Интересуют базы тематики — криптовалюты, форекс, бинарных опционов, покера, казино, банков, хайпов, инвестиционных проектов.
Покупаю на большие суммы и постоянно! Более 5 лет в теме, в контактах сотни потенциальных покупателей.
Необходимо чтобы в базе присутствовало имя и телефон, но иногда покупаю и базы емейлов или просто телефонов. Также бывают нужны базы инфобизнес тематики, БАДов и тд.
*ВАЖНО: по-скольки у самого огромное количество баз, проверяю новые на уникальность. Паблик базы и сборки на их основе не интересуют!
Пожалуйста, сразу пишите источник базы, актуальность, количество, цену и сколько готовы давать на тест (после теста даю отчет). Желательно сразу скинуть список баз в виде прайса с описанием!*
КОНТАКТЫ: скайп infobiz12, телеграмм leadgen12 ,джаббер leadgen12@jabber.ru или почта leadgen12@protonmail.com

----------


## kiramamedova16

Если вас это заинтересует, то я хотел бы вам предложить сыграть в одном из лучших казино на просторах рунета, так же вас ожидают куча бонусов и призов, множество игровых слотов на любой вкус. Переходите по этой ссылке http://slotses.com/reviews/lavina/ и играйте.

----------


## BAYRON HILL

*Базы под заказ и те, что есть в наличии. Занимаемся тематикой форекс, финансовые рынки, крипта, инвестиции, казино.
Также занимаемся тематикой банки: банковские выгрузки, физы.
Имеем возможность фильтровать базы по параметру регион и возраст. Мужчины и женщины.
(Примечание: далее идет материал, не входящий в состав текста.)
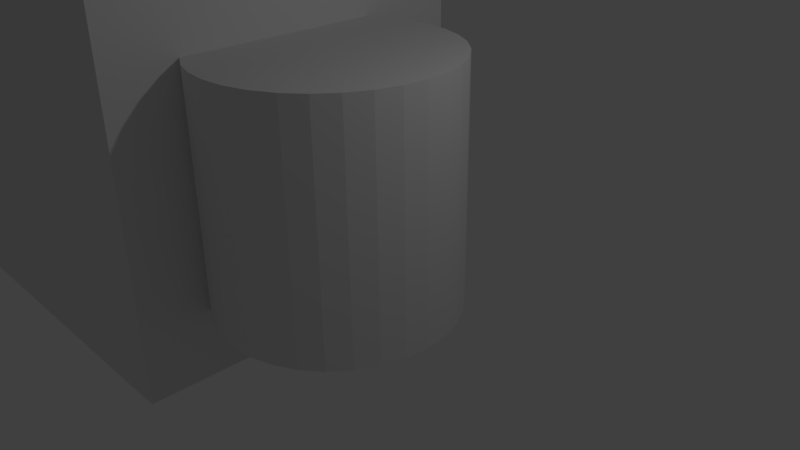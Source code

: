 # Source: scifi_door_.blend  (saved by Blender 2.77.0; exported with 4.5.12 LTS)
import bpy
from mathutils import Matrix  # noqa: F401  (used for matrix-valued properties, if any)

bpy.ops.wm.read_factory_settings(use_empty=True)
scene = bpy.context.scene
scene.name = 'Scene'

# ---- collections
col_collection_1 = bpy.data.collections.new('Collection 1'); scene.collection.children.link(col_collection_1)

# ---- world
world_world = bpy.data.worlds.new('World'); scene.world = world_world
world_world.color = (0.05088, 0.05088, 0.05088)
world_world.use_sun_shadow = False
world_world.sun_shadow_jitter_overblur = 0.0
world_world.cycles.sampling_method = 'MANUAL'

# ---- cameras
cam_camera = bpy.data.cameras.new('Camera')
cam_camera.clip_end = 100.0
cam_camera.lens = 35.0
cam_camera.sensor_width = 32.0
cam_camera.sensor_height = 18.0
cam_camera.ortho_scale = 7.314
cam_camera.dof.focus_distance = 0.0
cam_camera.dof.aperture_fstop = 128.0

# ---- lights
light_lamp = bpy.data.lights.new('Lamp', 'POINT')
light_lamp.transmission_factor = 0.0
light_lamp.cutoff_distance = 30.0
light_lamp.energy = 100.0
light_lamp.shadow_buffer_clip_start = 1.001
light_lamp.shadow_soft_size = 0.1
light_lamp.shadow_maximum_resolution = 0.006
light_lamp.use_absolute_resolution = True

# ---- meshes
me_cylinder_001 = bpy.data.meshes.new('Cylinder.001')
me_cylinder_001.from_pydata([(0.0, 1.0, -1.0), (0.0, 1.0, 1.0), (0.1951, 0.9808, -1.0), (0.1951, 0.9808, 1.0), (0.3827, 0.9239, -1.0), (0.3827, 0.9239, 1.0), (0.5556, 0.8315, -1.0), (0.5556, 0.8315, 1.0), (0.7071, 0.7071, -1.0), (0.7071, 0.7071, 1.0), (0.8315, 0.5556, -1.0), (0.8315, 0.5556, 1.0), (0.9239, 0.3827, -1.0), (0.9239, 0.3827, 1.0), (0.9808, 0.1951, -1.0), (0.9808, 0.1951, 1.0), (1.0, 7.55e-08, -1.0), (1.0, 7.55e-08, 1.0), (0.9808, -0.1951, -1.0), (0.9808, -0.1951, 1.0), (0.9239, -0.3827, -1.0), (0.9239, -0.3827, 1.0), (0.8315, -0.5556, -1.0), (0.8315, -0.5556, 1.0), (0.7071, -0.7071, -1.0), (0.7071, -0.7071, 1.0), (0.5556, -0.8315, -1.0), (0.5556, -0.8315, 1.0), (0.3827, -0.9239, -1.0), (0.3827, -0.9239, 1.0), (0.1951, -0.9808, -1.0), (0.1951, -0.9808, 1.0), (-3.258e-07, -1.0, -1.0), (-3.258e-07, -1.0, 1.0), (-0.1951, -0.9808, -1.0), (-0.1951, -0.9808, 1.0), (-0.3827, -0.9239, -1.0), (-0.3827, -0.9239, 1.0), (-0.5556, -0.8315, -1.0), (-0.5556, -0.8315, 1.0), (-0.7071, -0.7071, -1.0), (-0.7071, -0.7071, 1.0), (-0.8315, -0.5556, -1.0), (-0.8315, -0.5556, 1.0), (-0.9239, -0.3827, -1.0), (-0.9239, -0.3827, 1.0), (-0.9808, -0.1951, -1.0), (-0.9808, -0.1951, 1.0), (-1.0, 9.656e-07, -1.0), (-1.0, 9.656e-07, 1.0), (-0.9808, 0.1951, -1.0), (-0.9808, 0.1951, 1.0), (-0.9239, 0.3827, -1.0), (-0.9239, 0.3827, 1.0), (-0.8315, 0.5556, -1.0), (-0.8315, 0.5556, 1.0), (-0.7071, 0.7071, -1.0), (-0.7071, 0.7071, 1.0), (-0.5556, 0.8315, -1.0), (-0.5556, 0.8315, 1.0), (-0.3827, 0.9239, -1.0), (-0.3827, 0.9239, 1.0), (-0.1951, 0.9808, -1.0), (-0.1951, 0.9808, 1.0)], [], [(0, 1, 3, 2), (2, 3, 5, 4), (4, 5, 7, 6), (6, 7, 9, 8), (8, 9, 11, 10), (10, 11, 13, 12), (12, 13, 15, 14), (14, 15, 17, 16), (16, 17, 19, 18), (18, 19, 21, 20), (20, 21, 23, 22), (22, 23, 25, 24), (24, 25, 27, 26), (26, 27, 29, 28), (28, 29, 31, 30), (30, 31, 33, 32), (32, 33, 35, 34), (34, 35, 37, 36), (36, 37, 39, 38), (38, 39, 41, 40), (40, 41, 43, 42), (42, 43, 45, 44), (44, 45, 47, 46), (46, 47, 49, 48), (48, 49, 51, 50), (50, 51, 53, 52), (52, 53, 55, 54), (54, 55, 57, 56), (56, 57, 59, 58), (58, 59, 61, 60), (3, 1, 63, 61, 59, 57, 55, 53, 51, 49, 47, 45, 43, 41, 39, 37, 35, 33, 31, 29, 27, 25, 23, 21, 19, 17, 15, 13, 11, 9, 7, 5), (60, 61, 63, 62), (62, 63, 1, 0), (0, 2, 4, 6, 8, 10, 12, 14, 16, 18, 20, 22, 24, 26, 28, 30, 32, 34, 36, 38, 40, 42, 44, 46, 48, 50, 52, 54, 56, 58, 60, 62)])
me_cylinder_001.use_remesh_preserve_volume = False
me_cylinder_001.use_remesh_preserve_attributes = False
me_cylinder_001.use_mirror_vertex_groups = False
me_cylinder_001.update()
me_cube_001 = bpy.data.meshes.new('Cube.001')
me_cube_001.from_pydata([(-1.0, -1.0, -1.0), (-1.0, -1.0, 1.0), (-1.0, 1.0, -1.0), (-1.0, 1.0, 1.0), (1.0, -1.0, -1.0), (1.0, -1.0, 1.0), (1.0, 1.0, -1.0), (1.0, 1.0, 1.0)], [], [(1, 3, 2, 0), (3, 7, 6, 2), (7, 5, 4, 6), (5, 1, 0, 4), (0, 2, 6, 4), (5, 7, 3, 1)])
me_cube_001.use_remesh_preserve_volume = False
me_cube_001.use_remesh_preserve_attributes = False
me_cube_001.use_mirror_vertex_groups = False
me_cube_001.update()

# ---- objects
ob_cylinder_001 = bpy.data.objects.new('Cylinder.001', me_cylinder_001)
ob_cube = bpy.data.objects.new('Cube', me_cube_001)
ob_lamp = bpy.data.objects.new('Lamp', light_lamp)
ob_camera = bpy.data.objects.new('Camera', cam_camera)

# ---- transforms, parenting, visibility, modifiers, constraints
ob_cylinder_001.location = (-0.6352, -0.1024, 0.8529)
ob_cylinder_001.scale = (1.726, 1.726, 1.726)
ob_cylinder_001.lineart.crease_threshold = 0.0
ob_cube.location = (-4.264, 0.1178, 0.8111)
ob_cube.scale = (-2.695, -2.695, -2.695)
ob_cube.lineart.crease_threshold = 0.0
ob_lamp.location = (4.076, 1.005, 5.904)
ob_lamp.rotation_euler = (0.6503, 0.05522, 1.866)
ob_lamp.lock_rotations_4d = False
ob_lamp.empty_display_type = 'ARROWS'
ob_lamp.color = (0.0, 0.0, 0.0, 0.0)
ob_lamp.lineart.crease_threshold = 0.0
ob_camera.location = (7.481, -6.508, 5.344)
ob_camera.rotation_euler = (1.109, 0.01082, 0.8149)
ob_camera.lock_rotations_4d = False
ob_camera.empty_display_type = 'ARROWS'
ob_camera.color = (0.0, 0.0, 0.0, 0.0)
ob_camera.display_type = 'WIRE'
ob_camera.lineart.crease_threshold = 0.0

# ---- collection membership
col_collection_1.objects.link(ob_cylinder_001)
col_collection_1.objects.link(ob_cube)
col_collection_1.objects.link(ob_lamp)
col_collection_1.objects.link(ob_camera)

# ---- scene / render settings (as saved in the file)
scene.camera = ob_camera
scene.frame_start = 1; scene.frame_end = 250; scene.frame_set(1)
scene.render.engine = 'BLENDER_EEVEE_NEXT'
scene.render.resolution_percentage = 50
scene.render.dither_intensity = 0.0
scene.cycles.use_denoising = False
scene.cycles.samples = 128
scene.cycles.sampling_pattern = 'TABULATED_SOBOL'
scene.cycles.light_sampling_threshold = 0.0
scene.cycles.use_adaptive_sampling = False
scene.cycles.use_light_tree = False
scene.cycles.blur_glossy = 0.0
scene.cycles.sample_clamp_indirect = 0.0
scene.view_settings.view_transform = 'Standard'
bpy.context.view_layer.update()

ФОРЕКС / ИНВЕСТИЦИИ / КРИПТА
Россия, Украина, Беларусь, Казахстан - 0.6$
Польша, Чехия, Прибалтика, Русская Европа - 0.8$
Англоязычная Европа - 1$

ЧАРДЖБЕК / ТЕРЯВШИЕ / С НЕГАТИВНЫМ ОПЫТОМ
Россия, Украина, Беларусь, Казахстан - 0.8$
Польша, Чехия, Прибалтика, Русская Европа - 1$
Англоязычная Европа - 2$

БАНКИ
Россия (Альфабанк, ВТБ, Сбербанк, Райфайзенбанк, Хоумкредит) - 0.3$
Беларусь (МТБ, Белинвест, ВТБ) - 0.4$
Казахстан (Каспи, Нурбанк, Сбербанк, Алтын) - 0.5$

БАДы Россия
Потенция - 20 руб
Суставы - 18 руб
Сосуды - 18 руб

Делаем скидки
Обращаться в телеграмм - bayronhill*

----------


## spanish data

В постоянном наличии есть базы по форексу и чарджбеку.
Надежные и прибыльные лиды по теме инвестиции и торговля.
Люди, которые интересовались обучением форекс и крипто.
Лиды и контакты, слитые с других компаний в статусе реколл.
Всегда лучшее качество! Замены нелеквида! 24на7
Специализируемся на трафике баз Испанских лидов!
Будем рады найти долгосрочное сотрудничество по Испании и Латинской Америке!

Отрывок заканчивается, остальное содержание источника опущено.